Les médecins envisagent, comme solution à court terme, la mise en place d’un service d’assistance téléphonique, similaire à celui qui existait pendant la pandémie, afin que les parents puissent obtenir une réponse éclairée à la question : « Devons-nous nous rendre aux urgences ? ». Des cours de préparation à la parentalité, lancés par le ministère et pouvant débuter dès la grossesse, constitueraient également une piste, tout comme la création d’un métier d’assistant(e) médical(e), tel qu’il existe en Allemagne. « Mais il faut aussi se demander où l’on veut en être dans dix, vingt ou trente ans », fait remarquer Claude Schalbar. C’est notamment pour cette raison que les interlocuteurs se prononcent en faveur de la mise en place d’une formation de pédiatre à l’Uni.lu. Serge Allard propose d’offrir des incitations financières aux étudiants à l’étranger afin qu’ils reviennent après leurs études. Globalement, il faudrait créer au Luxembourg un « delta d’attractivité », explique Romain Nati, afin de « passer d’une spirale négative à une spirale positive ». On ne peut pas compter sur l’étranger pour combler les lacunes.

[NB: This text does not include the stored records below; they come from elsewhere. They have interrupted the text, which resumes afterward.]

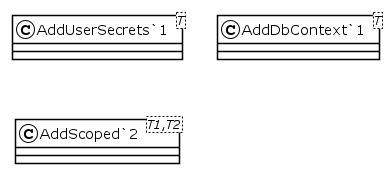

The diagram above was rendered by PlantUML. Its source (embedded in the PNG):
@startuml
!theme plain
class "AddUserSecrets`1"<T> {
}
class "AddDbContext`1"<T> {
}
class "AddScoped`2"<T1,T2> {
}
@enduml
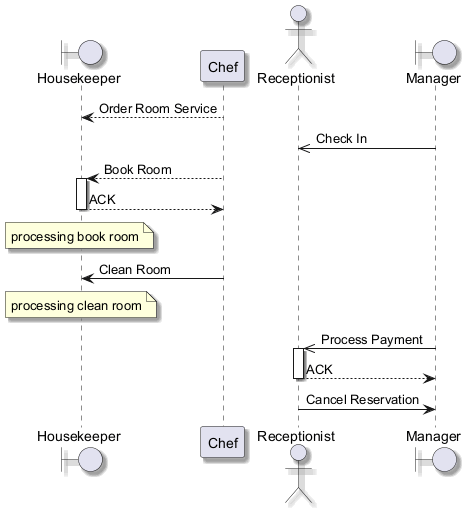

The diagram above was rendered by PlantUML. Its source (embedded in the PNG):
@startuml
skinparam backgroundColor #FFFFFF
skinparam classBackgroundColor #F1F8E9
skinparam classBorderColor #33691E
skinparam shadowing true
boundary "Housekeeper" as H
participant "Chef" as C
actor "Receptionist" as R
boundary "Manager" as M
C --> H : Order Room Service
M ->> R : Check In
C --> H : Book Room
activate H
H --> C : ACK
deactivate H
note over H : processing book room
C -> H : Clean Room
note over H : processing clean room
M ->> R : Process Payment
activate R
R --> M : ACK
deactivate R
R -> M : Cancel Reservation
@enduml
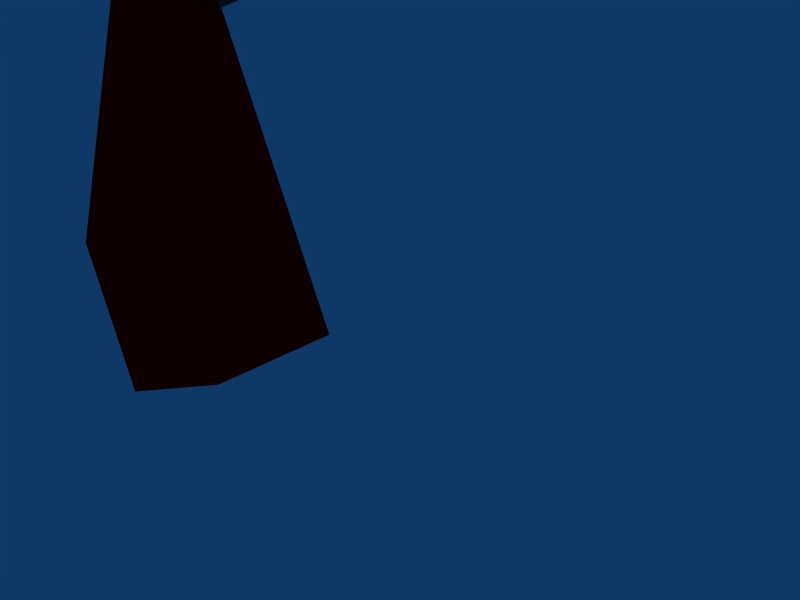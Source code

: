 # Source: colarinho_e_oculos.blend  (saved by Blender 2.44.0; exported with 4.5.12 LTS)
import bpy
from mathutils import Matrix  # noqa: F401  (used for matrix-valued properties, if any)

bpy.ops.wm.read_factory_settings(use_empty=True)
scene = bpy.context.scene
scene.name = 'Scene'

# ---- collections
col_collection_1 = bpy.data.collections.new('Collection 1'); scene.collection.children.link(col_collection_1)

# ---- materials (node trees are filled in below, after node groups)
mat_colarinho = bpy.data.materials.new('colarinho')
mat_colarinho.alpha_threshold = 0.0
mat_colarinho.preview_render_type = 'FLAT'
mat_colarinho.diffuse_color = (0.2643, 0.2643, 0.2643, 1.0)
mat_colarinho.specular_color = (0.5083, 0.5083, 0.5083)
mat_colarinho.roughness = 0.5
mat_colarinho.line_color = (0.0, 0.0, 0.0, 1.0)
mat_gravata = bpy.data.materials.new('gravata')
mat_gravata.alpha_threshold = 0.0
mat_gravata.preview_render_type = 'FLAT'
mat_gravata.diffuse_color = (1.0, 0.0, 0.0, 1.0)
mat_gravata.specular_color = (1.0, 0.4704, 0.4704)
mat_gravata.roughness = 0.5
mat_gravata.line_color = (0.0, 0.0, 0.0, 1.0)
mat_lentes = bpy.data.materials.new('lentes')
mat_lentes.alpha_threshold = 0.0
mat_lentes.preview_render_type = 'FLAT'
mat_lentes.diffuse_color = (0.003948, 0.00603, 0.2294, 1.0)
mat_lentes.specular_color = (1.0, 0.9932, 0.9932)
mat_lentes.roughness = 0.5
mat_lentes.line_color = (0.0, 0.0, 0.0, 1.0)

# ---- material node trees

# ---- world
world_world = bpy.data.worlds.new('World'); scene.world = world_world
world_world.color = (0.05656, 0.2208, 0.4)
world_world.use_sun_shadow = False
world_world.sun_shadow_jitter_overblur = 0.0
world_world.cycles.sampling_method = 'MANUAL'
world_world.cycles.sample_map_resolution = 256

# ---- cameras
cam_camera = bpy.data.cameras.new('Camera')
cam_camera.passepartout_alpha = 0.2
cam_camera.clip_end = 100.0
cam_camera.lens = 35.0
cam_camera.ortho_scale = 7.314
cam_camera.show_passepartout = False
cam_camera.show_safe_areas = True
cam_camera.dof.focus_distance = 0.0
cam_camera.dof.aperture_fstop = 128.0

# ---- lights
light_spot = bpy.data.lights.new('Spot', 'POINT')
light_spot.transmission_factor = 0.0
light_spot.cutoff_distance = 30.0
light_spot.energy = 100.0
light_spot.shadow_buffer_clip_start = 1.001
light_spot.shadow_soft_size = 1.0
light_spot.shadow_maximum_resolution = 0.006
light_spot.use_absolute_resolution = True
light_spot.cycles.use_multiple_importance_sampling = False

# ---- meshes
me_circle_002 = bpy.data.meshes.new('Circle.002')
me_circle_002.from_pydata([(2.443, 0.3387, 3.142), (2.443, 0.3424, 2.637), (2.443, 0.613, 1.931), (2.443, 0.9045, 1.426), (2.443, 1.409, 0.9624), (2.443, 1.992, 0.9624), (2.443, 2.497, 1.254), (2.443, 2.789, 1.759), (2.443, 2.789, 2.342), (2.443, 2.497, 2.846), (2.443, 1.992, 3.138), (2.472, -1.5, 3.138), (2.472, -2.083, 3.138), (2.472, -2.588, 2.846), (2.472, -2.879, 2.342), (2.472, -2.879, 1.759), (2.472, -2.588, 1.254), (2.472, -2.083, 0.9624), (2.472, -1.5, 0.9624), (2.472, -0.9952, 1.426), (2.472, -0.7037, 1.931), (2.472, -0.4331, 2.637), (2.472, -0.4294, 3.142)], [], [(9, 0, 10), (1, 0, 9, 8), (8, 7, 2, 1), (7, 6, 3, 2), (6, 5, 4, 3), (22, 21, 11), (21, 20, 11), (20, 19, 11), (19, 16, 13, 11), (13, 12, 11), (16, 15, 14, 13), (19, 18, 17, 16)])
me_circle_002.polygons.foreach_set('material_index', [2, 2, 2, 2, 2, 2, 2, 2, 2, 2, 2, 2])
me_circle_002.materials.append(mat_colarinho)
me_circle_002.materials.append(mat_gravata)
me_circle_002.materials.append(mat_lentes)
me_circle_002.use_remesh_preserve_volume = False
me_circle_002.use_remesh_preserve_attributes = False
me_circle_002.use_mirror_vertex_groups = False
me_circle_002.update()
me_circle_001 = bpy.data.meshes.new('Circle.001')
me_circle_001.from_pydata([(4.045, 0.007952, -6.411), (3.019, 0.007953, -6.779), (3.622, -1.763, -5.234), (2.596, -1.763, -5.603), (3.606, 1.744, -5.19), (2.58, 1.744, -5.558), (2.617, 0.2117, -1.739), (2.403, -0.2616, -1.143), (2.831, 0.6849, -2.335), (3.224, 0.6849, -2.194), (2.837, -0.6599, -2.352), (2.397, 1.083, -1.126), (2.134, -0.01546, -0.396), (3.231, -0.6599, -2.211), (2.79, 1.083, -0.9848), (2.528, -0.01546, -0.2546), (2.999, 0.01912, -2.804), (2.663, 1.351, -1.867), (2.131, 0.8157, -0.3854), (2.138, -0.8466, -0.4065), (2.675, -1.339, -1.901), (3.393, 0.01912, -2.662), (3.056, 1.351, -1.725), (2.524, 0.8157, -0.2441), (2.532, -0.8466, -0.2652), (3.068, -1.339, -1.76)], [], [(0, 4, 5, 1), (2, 0, 1, 3), (0, 2, 13, 21), (16, 10, 3, 1), (10, 13, 2, 3), (4, 0, 21, 9), (8, 16, 1, 5), (9, 8, 5, 4), (7, 18, 12), (20, 7, 12), (8, 17, 11, 6), (16, 8, 6, 10), (6, 11, 18, 7), (10, 6, 7, 20), (9, 21, 14), (22, 9, 14), (9, 22, 17, 8), (12, 19, 20), (23, 14, 21), (15, 23, 21, 13), (24, 15, 13, 25), (25, 13, 10, 20), (14, 23, 18, 11), (22, 14, 11, 17), (15, 24, 19, 12), (23, 15, 12, 18), (24, 25, 20, 19)])
me_circle_001.polygons.foreach_set('material_index', [1, 1, 1, 1, 1, 1, 1, 1, 1, 1, 1, 1, 1, 1, 1, 1, 0, 1, 1, 1, 1, 1, 1, 1, 1, 1, 1])
me_circle_001.materials.append(mat_colarinho)
me_circle_001.materials.append(mat_gravata)
me_circle_001.materials.append(mat_lentes)
me_circle_001.use_remesh_preserve_volume = False
me_circle_001.use_remesh_preserve_attributes = False
me_circle_001.use_mirror_vertex_groups = False
me_circle_001.update()
me_circle = bpy.data.meshes.new('Circle')
me_circle.from_pydata([(-1.29, -3.738, -0.4395), (-4.004, 0.01707, -0.4395), (-1.272, 3.759, -0.4395), (-0.9922, -2.797, 0.9314), (-3.023, 0.01274, 0.9314), (-0.9787, 2.812, 0.9314), (3.006, -1.01, -2.358), (2.222, -0.7558, -0.1017), (3.02, 0.9714, -2.358), (2.233, 0.7268, -0.1017), (2.472, -0.4294, 3.142), (2.472, -0.4331, 2.637), (2.472, -0.7037, 1.931), (2.472, -0.9952, 1.426), (2.472, -1.5, 0.9624), (2.472, -2.083, 0.9624), (2.472, -2.588, 1.254), (2.472, -2.879, 1.759), (2.472, -2.879, 2.342), (2.472, -2.588, 2.846), (2.472, -2.083, 3.138), (2.472, -1.5, 3.138), (2.472, -0.4294, 3.142), (2.472, -0.4331, 2.637), (2.472, -0.7037, 1.931), (2.472, -0.9952, 1.426), (2.472, -1.5, 0.9624), (2.472, -2.083, 0.9624), (2.472, -2.588, 1.254), (2.472, -2.879, 1.759), (2.472, -2.879, 2.342), (2.472, -2.588, 2.846), (2.472, -2.083, 3.138), (2.472, -1.5, 3.138), (2.079, -0.4294, 3.142), (2.079, -0.4331, 2.637), (2.079, -0.7037, 1.931), (2.079, -0.9952, 1.426), (2.079, -1.5, 0.9624), (2.079, -2.083, 0.9624), (2.079, -2.588, 1.254), (2.079, -2.879, 1.759), (2.079, -2.879, 2.342), (2.079, -2.588, 2.846), (2.079, -2.083, 3.138), (2.079, -1.5, 3.138), (2.472, -0.4304, 3.003), (2.472, -0.4304, 3.003), (2.079, -0.4304, 3.003), (2.472, -0.4318, 2.82), (2.472, -0.4318, 2.82), (2.079, -0.4318, 2.82), (2.079, -0.4318, 2.82), (2.472, -0.4318, 2.82), (2.472, -0.4318, 2.82), (2.079, -0.4304, 3.003), (2.472, -0.4304, 3.003), (2.472, -0.4304, 3.003), (2.472, -0.4304, 3.003), (2.472, -0.4304, 3.003), (2.079, -0.4304, 3.003), (2.472, -0.4318, 2.82), (2.472, -0.4318, 2.82), (2.079, -0.4318, 2.82), (2.079, -0.4318, 2.82), (2.472, -0.4318, 2.82), (2.472, -0.4318, 2.82), (2.079, -0.4304, 3.003), (2.472, -0.4304, 3.003), (2.472, -0.4304, 3.003), (2.472, 0.3319, 3.002), (2.472, 0.3319, 3.002), (2.079, 0.3319, 3.001), (2.472, 0.3305, 2.819), (2.472, 0.3305, 2.819), (2.079, 0.3305, 2.818), (2.079, -2.756, 2.342), (2.079, -2.756, 1.759), (2.472, -2.756, 2.342), (2.472, -2.756, 1.759), (-3.087, -2.756, 2.054), (-3.194, -2.642, 2.342), (-3.194, -2.765, 2.342), (-3.087, -2.879, 2.054), (-4.308, -2.803, 1.182), (-4.451, -2.765, 1.42), (-4.451, -2.642, 1.42), (-4.308, -2.68, 1.182), (2.05, 2.666, 1.759), (2.05, 2.666, 2.342), (2.443, 2.666, 1.759), (2.443, 2.666, 2.342), (2.443, -0.4212, 2.819), (2.05, -0.4212, 2.819), (2.05, -0.4212, 2.819), (2.443, -0.4225, 3.002), (2.05, -0.4225, 3.002), (2.05, -0.4225, 3.002), (2.05, 0.3398, 3.003), (2.05, 0.3398, 3.003), (2.443, 0.3398, 3.003), (2.05, 0.3411, 2.82), (2.05, 0.3411, 2.82), (2.443, 0.3411, 2.82), (2.443, 0.3411, 2.82), (2.05, 0.3411, 2.82), (2.05, 0.3411, 2.82), (2.443, 0.3398, 3.003), (2.05, 0.3398, 3.003), (2.05, 0.3398, 3.003), (2.05, 0.3398, 3.003), (2.05, 0.3398, 3.003), (2.443, 0.3398, 3.003), (2.05, 0.3411, 2.82), (2.05, 0.3411, 2.82), (2.443, 0.3411, 2.82), (2.443, 0.3411, 2.82), (2.05, 0.3411, 2.82), (2.05, 0.3411, 2.82), (2.443, 0.3398, 3.003), (2.05, 0.3398, 3.003), (2.05, 0.3398, 3.003), (2.443, 1.409, 3.138), (2.443, 1.992, 3.138), (2.443, 2.497, 2.846), (2.443, 2.789, 2.342), (2.443, 2.789, 1.759), (2.443, 2.497, 1.254), (2.443, 1.992, 0.9624), (2.443, 1.409, 0.9624), (2.443, 0.9045, 1.426), (2.443, 0.613, 1.931), (2.443, 0.3424, 2.637), (2.443, 0.3387, 3.142), (2.05, 1.409, 3.138), (2.05, 1.992, 3.138), (2.05, 2.497, 2.846), (2.05, 2.789, 2.342), (2.05, 2.789, 1.759), (2.05, 2.497, 1.254), (2.05, 1.992, 0.9624), (2.05, 1.409, 0.9624), (2.05, 0.9045, 1.426), (2.05, 0.613, 1.931), (2.05, 0.3424, 2.637), (2.05, 0.3387, 3.142), (2.05, 1.409, 3.138), (2.05, 1.992, 3.138), (2.05, 2.497, 2.846), (2.05, 2.789, 2.342), (2.05, 2.789, 1.759), (2.05, 2.497, 1.254), (2.05, 1.992, 0.9624), (2.05, 1.409, 0.9624), (2.05, 0.9045, 1.426), (2.05, 0.613, 1.931), (2.05, 0.3424, 2.637), (2.05, 0.3387, 3.142), (-4.341, 2.866, 1.186), (-4.483, 2.904, 1.425), (-4.483, 2.781, 1.425), (-4.341, 2.743, 1.186), (-3.119, 2.667, 2.058), (-3.227, 2.781, 2.346), (-3.227, 2.904, 2.346), (-3.119, 2.79, 2.058), (2.046, 2.79, 1.763), (2.046, 2.79, 2.346), (2.046, 2.667, 2.346), (2.046, 2.667, 1.763)], [], [(1, 0, 3, 4), (2, 1, 4, 5), (0, 6, 7, 3), (8, 2, 5, 9), (12, 11, 23, 24), (13, 12, 24, 25), (14, 13, 25, 26), (15, 14, 26, 27), (16, 15, 27, 28), (17, 16, 28, 29), (18, 17, 29, 30), (19, 18, 30, 31), (20, 19, 31, 32), (21, 20, 32, 33), (10, 21, 33, 22), (24, 23, 35, 36), (25, 24, 36, 37), (26, 25, 37, 38), (27, 26, 38, 39), (28, 27, 39, 40), (29, 28, 40, 41), (31, 30, 42, 43), (32, 31, 43, 44), (33, 32, 44, 45), (22, 33, 45, 34), (46, 10, 22, 47), (47, 22, 34, 48), (11, 49, 50, 23), (23, 50, 51, 35), (51, 50, 53, 52), (50, 49, 54, 53), (48, 51, 52, 55), (49, 46, 57, 54), (47, 48, 55, 56), (46, 47, 56, 57), (57, 56, 59, 58), (56, 55, 60, 59), (54, 57, 58, 61), (55, 52, 63, 60), (53, 54, 61, 62), (52, 53, 62, 63), (63, 62, 65, 64), (62, 61, 66, 65), (60, 63, 64, 67), (61, 58, 69, 66), (59, 60, 67, 68), (58, 59, 68, 69), (69, 68, 71, 70), (68, 67, 72, 71), (66, 69, 70, 73), (67, 64, 75, 72), (65, 66, 73, 74), (64, 65, 74, 75), (73, 70, 71, 74), (74, 71, 72, 75), (42, 30, 78, 76), (29, 41, 77, 79), (30, 29, 79, 78), (78, 79, 77, 76), (77, 41, 83, 80), (76, 77, 80, 81), (42, 76, 81, 82), (41, 42, 82, 83), (83, 82, 85, 84), (82, 81, 86, 85), (81, 80, 87, 86), (80, 83, 84, 87), (84, 85, 86, 87), (89, 88, 90, 91), (137, 138, 88, 89), (138, 126, 90, 88), (125, 137, 89, 91), (93, 96, 95, 92), (94, 97, 96, 93), (103, 102, 93, 92), (102, 101, 94, 93), (100, 103, 92, 95), (101, 98, 97, 94), (99, 100, 95, 96), (98, 99, 96, 97), (109, 108, 99, 98), (108, 107, 100, 99), (106, 109, 98, 101), (107, 104, 103, 100), (105, 106, 101, 102), (104, 105, 102, 103), (115, 114, 105, 104), (114, 113, 106, 105), (112, 115, 104, 107), (113, 110, 109, 106), (111, 112, 107, 108), (110, 111, 108, 109), (121, 120, 111, 110), (120, 119, 112, 111), (118, 121, 110, 113), (119, 116, 115, 112), (117, 118, 113, 114), (116, 117, 114, 115), (144, 117, 116, 132), (156, 118, 117, 144), (120, 145, 133, 119), (121, 157, 145, 120), (145, 134, 122, 133), (134, 135, 123, 122), (135, 136, 124, 123), (136, 137, 125, 124), (138, 139, 127, 126), (139, 140, 128, 127), (140, 141, 129, 128), (141, 142, 130, 129), (142, 143, 131, 130), (143, 144, 132, 131), (157, 146, 134, 145), (146, 147, 135, 134), (147, 148, 136, 135), (148, 149, 137, 136), (149, 150, 138, 137), (150, 151, 139, 138), (151, 152, 140, 139), (152, 153, 141, 140), (153, 154, 142, 141), (154, 155, 143, 142), (155, 156, 144, 143), (161, 160, 159, 158), (165, 162, 161, 158), (164, 165, 158, 159), (163, 164, 159, 160), (162, 163, 160, 161), (169, 168, 163, 162), (168, 167, 164, 163), (167, 166, 165, 164), (166, 169, 162, 165)])
me_circle.materials.append(mat_colarinho)
me_circle.materials.append(mat_gravata)
me_circle.materials.append(mat_lentes)
me_circle.use_remesh_preserve_volume = False
me_circle.use_remesh_preserve_attributes = False
me_circle.use_mirror_vertex_groups = False
me_circle.update()
arm_armature = bpy.data.armatures.new('Armature')  # bones are not reproduced

# ---- objects
ob_armature = bpy.data.objects.new('Armature', arm_armature)
ob_circle_002 = bpy.data.objects.new('Circle.002', me_circle_002)
ob_circle_001 = bpy.data.objects.new('Circle.001', me_circle_001)
ob_circle = bpy.data.objects.new('Circle', me_circle)
ob_lamp = bpy.data.objects.new('Lamp', light_spot)
ob_camera = bpy.data.objects.new('Camera', cam_camera)

# ---- transforms, parenting, visibility, modifiers, constraints
ob_armature.location = (0.1267, 0.4467, 0.1249)
ob_armature.rotation_euler = (1.571, -0.0, 1.571)
ob_armature.lock_rotations_4d = False
ob_armature.empty_display_type = 'ARROWS'
ob_armature.color = (0.0, 0.0, 0.0, 1.0)
ob_armature.lineart.crease_threshold = 0.0
ob_circle_002.parent = ob_armature
ob_circle_002.matrix_parent_inverse = Matrix(((-4.371e-08, 1.0, -2.118e-22, -0.4467), (4.371e-08, 1.911e-15, 1.0, -0.1249), (1.0, 4.371e-08, -4.371e-08, -0.1267), (0.0, 0.0, 0.0, 1.0)))
ob_circle_002.location = (0.0, 0.4014, 6.949)
ob_circle_002.rotation_euler = (-4.371e-08, -4.371e-08, -1.571)
ob_circle_002.lock_rotations_4d = False
ob_circle_002.empty_display_type = 'ARROWS'
ob_circle_002.color = (0.0, 0.0, 0.0, 1.0)
ob_circle_002.lineart.crease_threshold = 0.0
_vg = ob_circle_002.vertex_groups.new(name='Bone')
_vg.add([0, 1, 2, 3, 4, 5, 6, 7, 8, 9, 10, 11, 12, 13, 14, 15, 16, 17, 18, 19, 20, 21, 22], 1.0, 'REPLACE')
_m = ob_circle_002.modifiers.new('Armature', 'ARMATURE')
_m.object = ob_armature
_m.use_bone_envelopes = True
ob_circle_001.parent = ob_armature
ob_circle_001.matrix_parent_inverse = Matrix(((-4.371e-08, 1.0, -2.118e-22, -0.4467), (4.371e-08, 1.911e-15, 1.0, -0.1249), (1.0, 4.371e-08, -4.371e-08, -0.1267), (0.0, 0.0, 0.0, 1.0)))
ob_circle_001.location = (0.0, 0.4014, 6.949)
ob_circle_001.rotation_euler = (-4.371e-08, -4.371e-08, -1.571)
ob_circle_001.lock_rotations_4d = False
ob_circle_001.empty_display_type = 'ARROWS'
ob_circle_001.color = (0.0, 0.0, 0.0, 1.0)
ob_circle_001.lineart.crease_threshold = 0.0
_vg = ob_circle_001.vertex_groups.new(name='Bone')
_vg.add([0, 1, 2, 3, 4, 5, 6, 7, 8, 9, 10, 11, 12, 13, 14, 15, 16, 17, 18, 19, 20, 21, 22, 23, 24, 25], 1.0, 'REPLACE')
_m = ob_circle_001.modifiers.new('Armature', 'ARMATURE')
_m.object = ob_armature
_m.use_bone_envelopes = True
ob_circle.parent = ob_armature
ob_circle.matrix_parent_inverse = Matrix(((-4.371e-08, 1.0, -2.118e-22, -0.4467), (4.371e-08, 1.911e-15, 1.0, -0.1249), (1.0, 4.371e-08, -4.371e-08, -0.1267), (0.0, 0.0, 0.0, 1.0)))
ob_circle.location = (0.0, 0.4014, 6.949)
ob_circle.rotation_euler = (-4.371e-08, -4.371e-08, -1.571)
ob_circle.lock_rotations_4d = False
ob_circle.empty_display_type = 'ARROWS'
ob_circle.color = (0.0, 0.0, 0.0, 1.0)
ob_circle.lineart.crease_threshold = 0.0
_vg = ob_circle.vertex_groups.new(name='Bone')
_vg.add([0, 1, 2, 3, 4, 5, 6, 7, 8, 9, 10, 11, 12, 13, 14, 15, 16, 17, 18, 19, 20, 21, 22, 23, 24, 25, 26, 27, 28, 29, 30, 31, 32, 33, 34, 35, 36, 37, 38, 39, 40, 41, 42, 43, 44, 45, 46, 47, 48, 49, 50, 51, 52, 53, 54, 55, 56, 57, 58, 59, 60, 61, 62, 63, 64, 65, 66, 67, 68, 69, 70, 71, 72, 73, 74, 75, 76, 77, 78, 79, 80, 81, 82, 83, 84, 85, 86, 87, 88, 89, 90, 91, 92, 93, 94, 95, 96, 97, 98, 99, 100, 101, 102, 103, 104, 105, 106, 107, 108, 109, 110, 111, 112, 113, 114, 115, 116, 117, 118, 119, 120, 121, 122, 123, 124, 125, 126, 127, 128, 129, 130, 131, 132, 133, 134, 135, 136, 137, 138, 139, 140, 141, 142, 143, 144, 145, 146, 147, 148, 149, 150, 151, 152, 153, 154, 155, 156, 157, 158, 159, 160, 161, 162, 163, 164, 165, 166, 167, 168, 169], 1.0, 'REPLACE')
_m = ob_circle.modifiers.new('Armature', 'ARMATURE')
_m.object = ob_armature
_m.use_bone_envelopes = True
ob_lamp.location = (4.076, 5.903, 27.31)
ob_lamp.rotation_euler = (0.6503, 0.05522, 1.866)
ob_lamp.lock_rotations_4d = False
ob_lamp.empty_display_type = 'ARROWS'
ob_lamp.color = (0.0, 0.0, 0.0, 0.0)
ob_lamp.lineart.crease_threshold = 0.0
ob_camera.location = (7.481, -6.508, 5.344)
ob_camera.rotation_euler = (1.109, 0.01082, 0.8149)
ob_camera.lock_rotations_4d = False
ob_camera.empty_display_type = 'ARROWS'
ob_camera.color = (0.0, 0.0, 0.0, 0.0)
ob_camera.display_type = 'WIRE'
ob_camera.lineart.crease_threshold = 0.0

# ---- collection membership
col_collection_1.objects.link(ob_armature)
col_collection_1.objects.link(ob_circle_002)
col_collection_1.objects.link(ob_circle_001)
col_collection_1.objects.link(ob_circle)
col_collection_1.objects.link(ob_lamp)
col_collection_1.objects.link(ob_camera)

# ---- scene / render settings (as saved in the file)
scene.camera = ob_camera
scene.frame_start = 1; scene.frame_end = 250; scene.frame_set(2)
scene.render.engine = 'BLENDER_EEVEE_NEXT'
scene.render.image_settings.file_format = 'JPEG'
scene.render.image_settings.color_mode = 'RGB'
scene.render.image_settings.compression = 90
scene.render.resolution_x = 800
scene.render.resolution_y = 600
scene.render.pixel_aspect_x = 100.0
scene.render.pixel_aspect_y = 100.0
scene.render.fps = 25
scene.render.dither_intensity = 0.0
scene.render.use_compositing = False
scene.render.use_sequencer = False
scene.render.bake_margin = 2
scene.render.bake_bias = 0.0
scene.render.use_stamp_time = False
scene.render.use_stamp_date = False
scene.render.use_stamp_frame = False
scene.render.use_stamp_camera = False
scene.render.use_stamp_scene = False
scene.render.use_stamp_filename = False
scene.render.use_stamp_render_time = False
scene.render.stamp_font_size = 0
scene.cycles.use_denoising = False
scene.cycles.samples = 10
scene.cycles.sampling_pattern = 'TABULATED_SOBOL'
scene.cycles.light_sampling_threshold = 0.0
scene.cycles.use_adaptive_sampling = False
scene.cycles.use_light_tree = False
scene.cycles.blur_glossy = 0.0
scene.cycles.volume_bounces = 1
scene.cycles.pixel_filter_type = 'GAUSSIAN'
scene.cycles.sample_clamp_indirect = 0.0
scene.view_settings.view_transform = 'Raw'
bpy.context.view_layer.update()

Lorsqu’en mars, André Bauler (DP) et Gilles Baum (DP) ont interrogé la ministre de la Santé Paulette Lenert (LSAP) dans le cadre d’une question parlementaire sur les détails relatifs aux soins pédiatriques, la réponse s’est avérée optimiste : « Les départs d’ici fin 2025 devront au moins être remplacés ». On préfère passer sous silence le fait que cela ne suffira pas, si l’on en juge par l’évolution démographique.
Cette question met toutefois en lumière un problème plus profond, à savoir que les enfants n’ont pas de groupe de pression. Même si les responsables politiques aiment les mettre en scène dans des spots publicitaires mièvres à des fins électorales, même s’ils sont présentés dans un discours sur deux comme des porteurs d’espoir pour lesquels il vaut la peine de se battre contre le changement climatique et tous les autres problèmes, la réalité montre qu’ils sont souvent davantage gérés que considérés comme une partie essentielle de la société, qu’ils ne constituent pas une priorité mais un « afterthought », un ajout de dernière minute. « À quoi aurait ressemblé la gestion de la pandémie si la Covid-19 avait particulièrement menacé les très jeunes enfants ? », s’est interrogé Fernand Pauly, porte-parole du SLP, sur RTL pendant le premier confinement. La question reste d’actualité.